Crab Nebula
The Crab NebulaX-ray: NASA/CXC/SAO; Optical: NASA/STScI; Infrared: NASA-JPL-Caltech

There is little possibility for alien life because phosphorous is not easily available in the cosmos. Without phosphorous, life is unlikely to bloom, at least in the way humans can recognize it.

There are six chemical elements needed for life on Earth to exist, and phosphorous is one of them, says a scientist involved in a new study at Cardiff University. The element is required for cells to transfer and store energy through a compound called adenosine triphosphate (ATP). Astronomers looking for phosphorous in the universe because of the role it plays in sustaining life, reports ScienceAlert.

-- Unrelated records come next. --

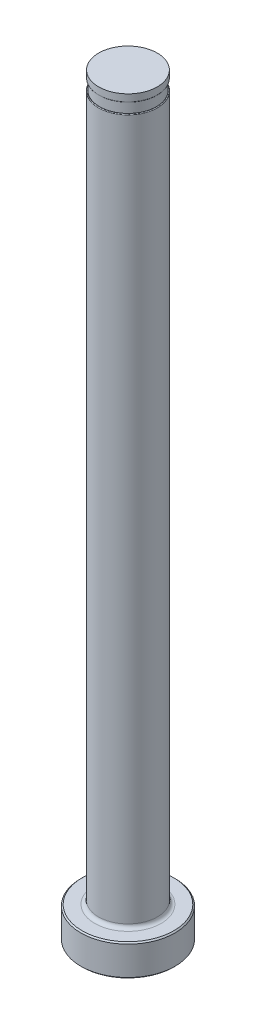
ISO-10303-21;
HEADER;
FILE_DESCRIPTION(('STEP AP214'),'2;1');
FILE_NAME('part.step','',(''),(''),'','','');
FILE_SCHEMA(('AUTOMOTIVE_DESIGN { 1 0 10303 214 1 1 1 1 }'));
ENDSEC;
DATA;
#1=APPLICATION_CONTEXT('core data for automotive mechanical design processes');
#2=APPLICATION_PROTOCOL_DEFINITION('international standard','automotive_design',2000,#1);
#3=PRODUCT_CONTEXT('',#1,'mechanical');
#4=PRODUCT('Part','Part','',(#3));
#5=PRODUCT_RELATED_PRODUCT_CATEGORY('part','',(#4));
#6=PRODUCT_DEFINITION_FORMATION('','',#4);
#7=PRODUCT_DEFINITION_CONTEXT('part definition',#1,'design');
#8=PRODUCT_DEFINITION('design','',#6,#7);
#9=PRODUCT_DEFINITION_SHAPE('','',#8);
#10=(LENGTH_UNIT() NAMED_UNIT(*) SI_UNIT(.MILLI.,.METRE.));
#11=(NAMED_UNIT(*) PLANE_ANGLE_UNIT() SI_UNIT($,.RADIAN.));
#12=(NAMED_UNIT(*) SI_UNIT($,.STERADIAN.) SOLID_ANGLE_UNIT());
#13=UNCERTAINTY_MEASURE_WITH_UNIT(LENGTH_MEASURE(1.E-05),#10,'distance_accuracy_value','');
#14=(GEOMETRIC_REPRESENTATION_CONTEXT(3) GLOBAL_UNCERTAINTY_ASSIGNED_CONTEXT((#13)) GLOBAL_UNIT_ASSIGNED_CONTEXT((#10,
#11,#12)) REPRESENTATION_CONTEXT('',''));
#15=CARTESIAN_POINT('',(0.,0.,0.));
#16=DIRECTION('',(0.,0.,1.));
#17=DIRECTION('',(1.,0.,0.));
#18=AXIS2_PLACEMENT_3D('',#15,#16,#17);
#19=CARTESIAN_POINT('',(-5.95248999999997,150.876,0.));
#20=DIRECTION('',(0.,1.,0.));
#21=DIRECTION('',(0.,0.,1.));
#22=AXIS2_PLACEMENT_3D('',#19,#20,#21);
#23=PLANE('',#22);
#24=CARTESIAN_POINT('',(0.,150.876,0.));
#25=DIRECTION('',(0.,1.,0.));
#26=DIRECTION('',(0.,0.,1.));
#27=AXIS2_PLACEMENT_3D('',#24,#25,#26);
#28=CIRCLE('',#27,5.80008999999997);
#29=CARTESIAN_POINT('',(0.,150.876,5.80008999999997));
#30=VERTEX_POINT('',#29);
#31=EDGE_CURVE('E11',#30,#30,#28,.F.);
#32=ORIENTED_EDGE('',*,*,#31,.T.);
#33=EDGE_LOOP('',(#32));
#34=FACE_BOUND('',#33,.T.);
#35=CARTESIAN_POINT('',(0.,150.876,0.));
#36=DIRECTION('',(0.,1.,0.));
#37=DIRECTION('',(0.,0.,1.));
#38=AXIS2_PLACEMENT_3D('',#35,#36,#37);
#39=CIRCLE('',#38,5.74928999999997);
#40=CARTESIAN_POINT('',(0.,150.876,5.74928999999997));
#41=VERTEX_POINT('',#40);
#42=EDGE_CURVE('E79',#41,#41,#39,.T.);
#43=ORIENTED_EDGE('',*,*,#42,.T.);
#44=EDGE_LOOP('',(#43));
#45=FACE_BOUND('',#44,.T.);
#46=ADVANCED_FACE('F37',(#34,#45),#23,.F.);
#47=CARTESIAN_POINT('',(0.,259.958771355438,0.));
#48=DIRECTION('',(0.,1.,0.));
#49=DIRECTION('',(0.,0.,1.));
#50=AXIS2_PLACEMENT_3D('',#47,#48,#49);
#51=CYLINDRICAL_SURFACE('',#50,5.95248999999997);
#52=DIRECTION('',(0.,1.,0.));
#53=VECTOR('',#52,1.);
#54=CARTESIAN_POINT('',(-5.74928999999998,259.958771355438,-1.5420122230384));
#55=LINE('',#54,#53);
#56=CARTESIAN_POINT('',(-5.74928999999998,148.717,-1.5420122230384));
#57=VERTEX_POINT('',#56);
#58=CARTESIAN_POINT('',(-5.74928999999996,86.36,-1.54201222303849));
#59=VERTEX_POINT('',#58);
#60=EDGE_CURVE('E74',#57,#59,#55,.F.);
#61=ORIENTED_EDGE('',*,*,#60,.F.);
#62=CARTESIAN_POINT('',(0.,148.717,0.));
#63=DIRECTION('',(0.,-1.,0.));
#64=DIRECTION('',(0.,0.,-1.));
#65=AXIS2_PLACEMENT_3D('',#62,#63,#64);
#66=CIRCLE('',#65,5.95248999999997);
#67=CARTESIAN_POINT('',(-5.74928999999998,148.717,1.5420122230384));
#68=VERTEX_POINT('',#67);
#69=EDGE_CURVE('E52',#57,#68,#66,.T.);
#70=ORIENTED_EDGE('',*,*,#69,.T.);
#71=DIRECTION('',(0.,1.,0.));
#72=VECTOR('',#71,1.);
#73=CARTESIAN_POINT('',(-5.74928999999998,259.958771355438,1.5420122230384));
#74=LINE('',#73,#72);
#75=CARTESIAN_POINT('',(-5.74928999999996,86.36,1.54201222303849));
#76=VERTEX_POINT('',#75);
#77=EDGE_CURVE('E85',#76,#68,#74,.T.);
#78=ORIENTED_EDGE('',*,*,#77,.F.);
#79=CARTESIAN_POINT('',(-5.74928999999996,86.36,-1.54201222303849));
#80=CARTESIAN_POINT('',(-5.7492869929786,86.3322208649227,-1.54201697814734));
#81=CARTESIAN_POINT('',(-5.74965505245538,86.3044610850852,-1.54065166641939));
#82=CARTESIAN_POINT('',(-5.75110274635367,86.2492460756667,-1.53524151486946));
#83=CARTESIAN_POINT('',(-5.75218176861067,86.2217906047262,-1.53119898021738));
#84=CARTESIAN_POINT('',(-5.75641075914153,86.1407767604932,-1.51525486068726));
#85=CARTESIAN_POINT('',(-5.76055400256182,86.0879793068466,-1.49953379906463));
#86=CARTESIAN_POINT('',(-5.77092696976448,85.9864513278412,-1.45909687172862));
#87=CARTESIAN_POINT('',(-5.77715061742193,85.937709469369,-1.43440718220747));
#88=CARTESIAN_POINT('',(-5.79098788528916,85.8449780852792,-1.37748193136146));
#89=CARTESIAN_POINT('',(-5.7986047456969,85.8010000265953,-1.34522872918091));
#90=CARTESIAN_POINT('',(-5.81685908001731,85.7061849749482,-1.26430278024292));
#91=CARTESIAN_POINT('',(-5.82772577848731,85.657138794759,-1.21359133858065));
#92=CARTESIAN_POINT('',(-5.84932001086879,85.5679814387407,-1.10484574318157));
#93=CARTESIAN_POINT('',(-5.86004729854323,85.5278844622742,-1.04680017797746));
#94=CARTESIAN_POINT('',(-5.88390059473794,85.4439339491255,-0.904778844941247));
#95=CARTESIAN_POINT('',(-5.89659263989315,85.4034837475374,-0.818723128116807));
#96=CARTESIAN_POINT('',(-5.91855552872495,85.3365666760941,-0.641010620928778));
#97=CARTESIAN_POINT('',(-5.92782357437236,85.3101112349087,-0.549349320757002));
#98=CARTESIAN_POINT('',(-5.94230780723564,85.2696429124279,-0.360889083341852));
#99=CARTESIAN_POINT('',(-5.94742894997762,85.2559208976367,-0.2640211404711));
#100=CARTESIAN_POINT('',(-5.95288793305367,85.241318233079,-0.0691558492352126));
#101=CARTESIAN_POINT('',(-5.95322242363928,85.2404465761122,0.0288422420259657));
#102=CARTESIAN_POINT('',(-5.94868446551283,85.2525404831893,0.242237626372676));
#103=CARTESIAN_POINT('',(-5.94283113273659,85.2681121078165,0.357477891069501));
#104=CARTESIAN_POINT('',(-5.92492015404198,85.3183022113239,0.583281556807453));
#105=CARTESIAN_POINT('',(-5.91286985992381,85.3528981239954,0.69385033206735));
#106=CARTESIAN_POINT('',(-5.88892429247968,85.4282489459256,0.870563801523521));
#107=CARTESIAN_POINT('',(-5.87828331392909,85.4632292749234,0.939352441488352));
#108=CARTESIAN_POINT('',(-5.85581507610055,85.5434071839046,1.07049428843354));
#109=CARTESIAN_POINT('',(-5.8439898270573,85.5885876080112,1.13285804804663));
#110=CARTESIAN_POINT('',(-5.82307219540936,85.6783208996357,1.2353431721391));
#111=CARTESIAN_POINT('',(-5.81396107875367,85.7207467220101,1.27731748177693));
#112=CARTESIAN_POINT('',(-5.79660025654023,85.8119777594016,1.35392068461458));
#113=CARTESIAN_POINT('',(-5.78834968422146,85.8607764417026,1.38855700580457));
#114=CARTESIAN_POINT('',(-5.77487399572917,85.9554137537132,1.44347959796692));
#115=CARTESIAN_POINT('',(-5.76937362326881,86.0003804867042,1.46519744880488));
#116=CARTESIAN_POINT('',(-5.76015985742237,86.0933997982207,1.50101335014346));
#117=CARTESIAN_POINT('',(-5.75644319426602,86.1414465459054,1.51512534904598));
#118=CARTESIAN_POINT('',(-5.75233279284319,86.2182424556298,1.53063311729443));
#119=CARTESIAN_POINT('',(-5.75119737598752,86.246400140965,1.53488770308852));
#120=CARTESIAN_POINT('',(-5.74967384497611,86.3030323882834,1.54058135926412));
#121=CARTESIAN_POINT('',(-5.74928611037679,86.3315071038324,1.54201899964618));
#122=CARTESIAN_POINT('',(-5.74928999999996,86.36,1.54201222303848));
#123=B_SPLINE_CURVE_WITH_KNOTS('',3,(#79,#80,#81,#82,#83,#84,#85,#86,#87,#88,#89,#90,#91,#92,
#93,#94,#95,#96,#97,#98,#99,#100,#101,#102,#103,#104,#105,#106,#107,#108,#109,#110,#111,#112,
#113,#114,#115,#116,#117,#118,#119,#120,#121,#122),.UNSPECIFIED.,.F.,.F.,(4,2,2,2,2,2,2,2,2,2,2,
2,2,2,2,2,2,2,2,2,2,4),(0.,0.083264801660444,0.166458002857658,0.331100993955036,
0.495267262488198,0.659820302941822,0.872804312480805,1.08612389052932,1.37238232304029,
1.65887416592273,1.95175985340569,2.24485049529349,2.59250114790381,2.939740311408,
3.17269488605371,3.40526052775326,3.58572381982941,3.7660035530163,3.91610532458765,
4.06593087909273,4.15129340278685,4.23669924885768),.UNSPECIFIED.);
#124=EDGE_CURVE('E82',#59,#76,#123,.T.);
#125=ORIENTED_EDGE('',*,*,#124,.F.);
#126=EDGE_LOOP('',(#61,#70,#78,#125));
#127=FACE_BOUND('',#126,.T.);
#128=CARTESIAN_POINT('',(0.,7.11200000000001,0.));
#129=DIRECTION('',(0.,1.,0.));
#130=DIRECTION('',(0.,0.,1.));
#131=AXIS2_PLACEMENT_3D('',#128,#129,#130);
#132=CIRCLE('',#131,5.95248999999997);
#133=CARTESIAN_POINT('',(0.,7.11200000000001,5.95248999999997));
#134=VERTEX_POINT('',#133);
#135=EDGE_CURVE('E117',#134,#134,#132,.T.);
#136=ORIENTED_EDGE('',*,*,#135,.T.);
#137=EDGE_LOOP('',(#136));
#138=FACE_BOUND('',#137,.T.);
#139=ADVANCED_FACE('F83',(#127,#138),#51,.T.);
#140=CARTESIAN_POINT('',(0.,0.,0.));
#141=DIRECTION('',(0.,-1.,0.));
#142=DIRECTION('',(0.,0.,-1.));
#143=AXIS2_PLACEMENT_3D('',#140,#141,#142);
#144=PLANE('',#143);
#145=CARTESIAN_POINT('',(0.,0.,0.));
#146=DIRECTION('',(0.,-1.,0.));
#147=DIRECTION('',(0.,0.,-1.));
#148=AXIS2_PLACEMENT_3D('',#145,#146,#147);
#149=CIRCLE('',#148,9.271);
#150=CARTESIAN_POINT('',(0.,0.,-9.271));
#151=VERTEX_POINT('',#150);
#152=EDGE_CURVE('E114',#151,#151,#149,.T.);
#153=ORIENTED_EDGE('',*,*,#152,.T.);
#154=EDGE_LOOP('',(#153));
#155=FACE_BOUND('',#154,.T.);
#156=ADVANCED_FACE('F193',(#155),#144,.T.);
#157=CARTESIAN_POINT('',(0.,259.958771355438,0.));
#158=DIRECTION('',(0.,1.,0.));
#159=DIRECTION('',(0.,0.,1.));
#160=AXIS2_PLACEMENT_3D('',#157,#158,#159);
#161=CYLINDRICAL_SURFACE('',#160,9.52499999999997);
#162=CARTESIAN_POINT('',(0.,6.09600000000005,0.));
#163=DIRECTION('',(0.,1.,0.));
#164=DIRECTION('',(0.,0.,1.));
#165=AXIS2_PLACEMENT_3D('',#162,#163,#164);
#166=CIRCLE('',#165,9.52499999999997);
#167=CARTESIAN_POINT('',(0.,6.09600000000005,9.52499999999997));
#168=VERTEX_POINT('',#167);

Phosphorous is not believed to have formed on Earth, rather, brought here by meteorites, notes the report, so similar incidents should have happened in other places for life to form there as well.

For this study, researchers reportedly went through readings and data from the William Herschel Telescope in the Canary Islands and studied infrared radiation from phosphorus and iron in the Crab Nebula, the leftovers of a supernova that is about 6,500 light years from Earth. Scientists did not find a lot of phosphorous, says the report. They compared the Crab Nebula to the Cassiopeia A (Cas A).

"The two explosions seem to differ from each other, perhaps because Cas A results from the explosion of a rare super-massive star," says one of the researchers, astronomer Phil Cigan from Cardiff University in the UK.

However, the research team needs more data to confirm their findings. "We've just asked for more telescope time to go back and check, in case we've missed some phosphorus-rich regions in the Crab Nebula," added Cigan.

Current knowledge is that phosphorous is created when massive stars explode at the end of their life, an event called the supernova, but scientists are yet to figure out just how much phosphorous is put out by such explosions, notes the report. This is where the discrepancy between the Crab Nebula and the Cas A readings comes to play. There is much less chance of the right mix of elements reaching the right spots in the universe at just the right time to spark life if the very production of phosphorous is not consistent.

"If phosphorus is sourced from supernovae, and then travels across space in meteoritic rocks, I'm wondering if a young planet could find itself lacking in reactive phosphorus because of where it was born?" says one of the team, Jane Greaves from Cardiff University.

"In that case, life might really struggle to get started out of phosphorus-poor chemistry, on another world otherwise similar to our own."